By the end of the year, many hospitals and hospital systems were in the black, thanks in large part to generous federal subsidies, but actual operations still lost money for the year. Altogether, 42% of them posted an operational loss in 2020, up from the 23% in 2019, according to a survey by Moody’s Investors Service.
Medscape’s report shows that many employed physicians lost pay in 2020, and for many, pay had not returned to pre-COVID levels. Only 28% of primary care physicians and 32% of specialists who lost pay have seen it restored, according to the report. In addition, 15% of surveyed physicians did not receive an annual raise.

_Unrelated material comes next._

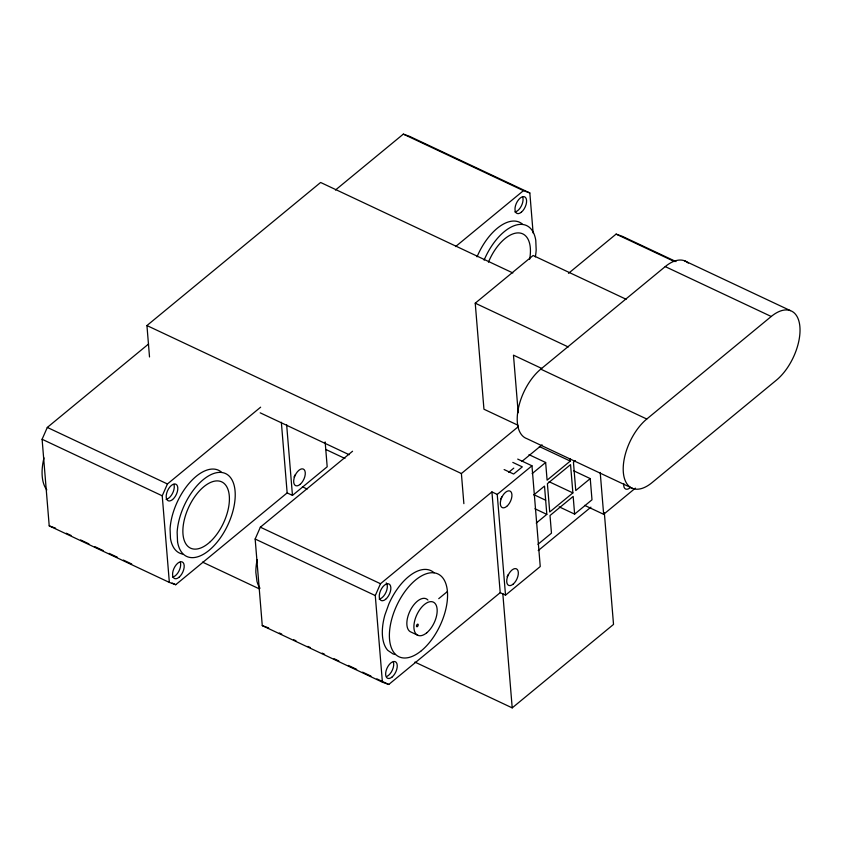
<?xml version="1.0" encoding="UTF-8"?>
<svg xmlns="http://www.w3.org/2000/svg" width="842" height="842" viewBox="0 0 842 842"><rect width="100%" height="100%" fill="white"/><g stroke="black" fill="none" stroke-linecap="round" stroke-linejoin="round"><path stroke-width="1.26" d="M281.354 422.252L287.154 492.907L175.715 584.716L169.347 582.411L49.215 525.871L42.1 439.271L47.31 427.431L148.613 343.968M169.347 582.411L162.232 495.812L167.432 483.971L260.641 407.181M500.211 592.663L505.516 595.157L497.233 494.412L491.928 491.917L500.211 592.663L388.772 684.472L382.405 682.167L262.272 625.627L255.158 539.027L260.357 527.187L352.556 451.238M382.405 682.167L375.279 595.568L380.489 583.727L491.928 491.917M149.518 356.966L146.94 325.549L320.613 182.472L512.841 272.945M335.453 190.039L403.329 134.12L409.707 136.425L529.828 192.955L533.123 233.024M455.585 246.58L523.461 190.66L529.828 192.955M518.104 425.294L483.95 409.223L475.235 303.183L533.123 255.484L626.164 299.278M287.154 492.907L292.458 495.401L327.191 466.784L325.149 441.924M568.497 273.334L616.112 234.108L622.48 236.402L676 261.599M632.816 488.507L526.818 438.629A41.195 21.482 -64.8 0 1 518.325 408.612A41.195 21.482 -64.8 0 1 540.774 369.143L665.233 266.598A41.195 21.482 -64.8 0 1 688.282 263.093M463.868 503.653L461.395 473.541L518.283 426.673M508.726 472.288L513.778 468.131M521.851 461.479L542.048 444.839M497.233 494.412L531.965 465.794L517.704 459.09M532.144 473.625L545.648 462.49L528.997 454.659M570.055 458.564L570.266 461.09L547.1 480.172L545.648 462.49M533.891 494.833L544.5 486.087L546.826 514.367L536.217 523.103M575.381 460.648L573.444 462.237L575.77 490.518L590.242 478.593L573.591 470.752M646.772 419.032L771.23 316.487A41.195 21.482 -64.8 0 1 799.9 326.843A41.195 21.482 -64.8 0 1 776.461 380.11L652.003 482.655A41.195 21.482 -64.8 0 1 623.333 472.299A41.195 21.482 -64.8 0 1 646.772 419.032L540.774 369.143M438.735 598.673L447.418 591.516M572.876 492.907L549.721 511.978L547.395 483.697L570.55 464.626L572.876 492.907L549.079 481.708M537.954 544.321L551.468 533.186L550.015 515.514L573.17 496.433L574.623 514.115L559.172 506.842M574.623 514.115L591.989 499.801L590.242 478.593M538.217 550.584L590.905 507.179M505.516 595.157L540.248 566.54L531.965 465.794M584.632 505.358L603.651 514.304L635.405 488.139M414.917 662.086L512.21 707.88L613.523 624.417L604.335 512.746M49.215 525.871L55.593 528.176M262.272 625.627L268.64 627.932M684.42 260.746L790.417 310.624M616.112 234.108L674.389 261.536M403.329 134.12L523.461 190.66M665.233 266.598L771.23 316.487M475.235 303.183L568.276 346.967M541.732 368.459L513.473 355.156L518.209 412.759M539.333 446.534L570.266 461.09M512.81 462.405L522.324 466.878L513.641 474.035L504.126 469.552M533.765 494.622L545.658 500.222M146.94 325.549L461.395 473.541M534.933 508.768L546.826 514.367M260.199 412.833L349.198 454.722M325.907 449.512L344.946 458.48M302.415 486.813L307.162 489.044M260.357 527.187L380.489 583.727M47.31 427.431L167.432 483.971M255.158 539.027L375.279 595.568M42.1 439.271L162.232 495.812M418.169 635.436L411.107 632.11A18.303 9.546 -64.8 0 1 410.507 609.955A18.303 9.546 -64.8 0 1 427.915 600.041M202.533 562.13L259.483 588.937M279.344 632.973L281.723 634.089M293.616 639.688L295.995 640.804M307.898 646.403L310.277 647.53M322.17 653.118L324.549 654.245M334.063 658.718L338.821 660.959M348.335 665.433L356.661 669.358M362.607 672.158L370.933 676.073M376.879 678.873L388.772 684.472M66.297 533.218L71.054 535.449M80.569 539.933L88.894 543.848M94.841 546.647L103.166 550.563M109.113 553.362L117.438 557.288M123.385 560.077L131.71 564.003M172.147 583.032L175.715 584.716M600.209 472.436L603.651 514.304M502.821 593.61L512.21 707.88M286.648 424.747L292.458 495.401M501.8 496.812A9.157 4.778 -64.8 0 1 500.695 498.927M395.445 654.518A45.763 23.871 -64.8 0 1 392.993 653.897L387.794 650.371A45.763 23.871 -64.8 0 1 384.889 615.018L388.888 603.903A45.763 23.871 -64.8 0 1 434.104 572.792M259.999 588.242A45.763 23.871 -64.8 0 1 256.968 581.359L255.852 572.444A45.763 23.871 -64.8 0 1 257.157 559.698M393.351 661.896A9.157 4.778 -64.8 0 1 386.973 676.4M386.246 582.906A9.157 4.778 -64.8 0 1 386.025 592.2A9.157 4.778 -64.8 0 1 379.132 599.083M508.2 574.581A9.157 4.778 -64.8 0 1 507.094 576.686M477.035 256.821A45.763 23.871 -64.8 0 1 522.24 223.951M484.097 260.146A45.763 23.871 -64.8 0 1 513.978 225.772A45.763 23.871 -64.8 0 1 535.775 240.338L536.175 249.853A45.763 23.871 -64.8 0 1 535.333 256.905M488.444 262.178A36.616 19.092 -64.8 0 1 517.314 232.929A36.616 19.092 -64.8 0 1 529.618 259.336M522.693 197.028A9.157 4.778 -64.8 0 1 521.24 206.174A9.157 4.778 -64.8 0 1 514.862 211.974M630.058 487.823A9.157 4.778 -64.8 0 1 623.733 483.529M182.577 554.068A45.763 23.871 -64.8 0 1 170.463 538.364L170.073 528.839A45.763 23.871 -64.8 0 1 190.113 482.192A45.763 23.871 -64.8 0 1 221.214 471.952M46.826 489.897A45.763 23.871 -64.8 0 1 43.994 457.859M180.304 562.14A9.157 4.778 -64.8 0 1 178.841 571.286A9.157 4.778 -64.8 0 1 172.473 577.086M173.905 484.382A9.157 4.778 -64.8 0 1 172.452 493.517A9.157 4.778 -64.8 0 1 166.074 499.327M295.142 474.825A9.157 4.778 -64.8 0 1 294.037 476.93M177.536 541.69L177.146 532.165A45.763 23.871 -64.8 0 1 220.488 472.383A45.763 23.871 -64.8 0 1 223.014 533.891A45.763 23.871 -64.8 0 1 177.536 541.69M506.716 506.41A9.157 4.778 -64.8 0 0 510.852 491.675A9.157 4.778 -64.8 0 0 500.832 499.938A9.157 4.778 -64.8 0 0 506.716 506.41M421.379 650.719A45.763 23.871 -64.8 0 0 442.082 577.044A45.763 23.871 -64.8 0 0 391.951 618.344A45.763 23.871 -64.8 0 0 421.379 650.719M385.636 599.304A9.157 4.778 -64.8 0 0 389.772 584.569A9.157 4.778 -64.8 0 0 379.753 592.831A9.157 4.778 -64.8 0 0 385.636 599.304M513.104 584.18A9.157 4.778 -64.8 0 0 517.251 569.445A9.157 4.778 -64.8 0 0 507.221 577.707A9.157 4.778 -64.8 0 0 513.104 584.18M392.025 677.073A9.157 4.778 -64.8 0 0 396.172 662.338A9.157 4.778 -64.8 0 0 386.141 670.6A9.157 4.778 -64.8 0 0 392.025 677.073M426.705 632.826A18.303 9.546 -64.8 0 0 434.988 603.367A18.303 9.546 -64.8 0 0 414.927 619.88A18.303 9.546 -64.8 0 0 426.705 632.826M417.443 626.501A1.368 0.716 -64.8 0 0 418.064 624.29A1.368 0.716 -64.8 0 0 416.558 625.522A1.368 0.716 -64.8 0 0 417.443 626.501M521.366 212.195A9.157 4.778 -64.8 0 0 525.513 197.46A9.157 4.778 -64.8 0 0 515.483 205.722A9.157 4.778 -64.8 0 0 521.366 212.195M210.363 541.627A36.616 19.092 -64.8 0 0 223.856 483.224A36.616 19.092 -64.8 0 0 184.209 520.188A36.616 19.092 -64.8 0 0 210.363 541.627M172.578 499.548A9.157 4.778 -64.8 0 0 176.725 484.813A9.157 4.778 -64.8 0 0 166.695 493.075A9.157 4.778 -64.8 0 0 172.578 499.548M178.978 577.317A9.157 4.778 -64.8 0 0 183.114 562.582A9.157 4.778 -64.8 0 0 173.084 570.834A9.157 4.778 -64.8 0 0 178.978 577.317M300.057 484.424A9.157 4.778 -64.8 0 0 304.194 469.689A9.157 4.778 -64.8 0 0 294.174 477.951A9.157 4.778 -64.8 0 0 300.057 484.424"/></g></svg>

Many employed doctors are paid on the basis of relative value units (RVUs), which is a measure of the value of their work. In many cases, there was not enough work to reach RVU thresholds. Would hospitals and other employers lower RVU targets to meet the problem? “I haven’t seen our clients make concessions to providers along those lines,” Mr. Belkin says.
Physicians had to work longer hours
The Medscape report also found that in 2020, physicians saw fewer patients because each visit took longer.
“With the threat of COVID, in-person visits take more time than before,” Mr. Belkin says. “Physicians and staff have to prepare the exam room after each visit, and doctors must spend more time answering patients’ questions about COVID.”
“The new protocols to keep everyone safe add time between patients, and physicians have to answer patients’ questions about the pandemic and vaccines,” Dr. Fischer-Wright says. “You might see a 20% increase in time spent just on these non–revenue-generating COVID activities.”
Physicians still like their specialty
Although 2020 was a challenging year for physicians, the percentage of those who were satisfied with their specialty choice generally did not slip from the year before. It actually rose for several specialties – most notably, rheumatology, pulmonology, physical medicine and rehabilitation, and nephrology.
One specialty saw a decline in satisfaction with their specialty choice, and that was public health and preventive medicine, which plummeted 16 percentage points to 67% – putting it at the bottom of the list.
Even before the pandemic, many public health departments were chronically underfunded. This problem was possibly exacerbated by the pressures to keep up with COVID reporting and testing responsibilities.
Conclusion
Although 2020 was a wild ride for many physicians, many came out of it with only minor reductions in overall compensation, and some saw increases. Still, some specialties and many individuals experienced terrible financial stress and had to make changes in their lives and their spending in order to stay afloat.
“The biggest inhibitor to getting back to normal had to do with doctors who did not want to return because they did not want to risk getting COVID,” Dr. Pinto reports. But he notes that by February 2021 most doctors were completely vaccinated and could feel safe again.
A version of this article first appeared on Medscape.com.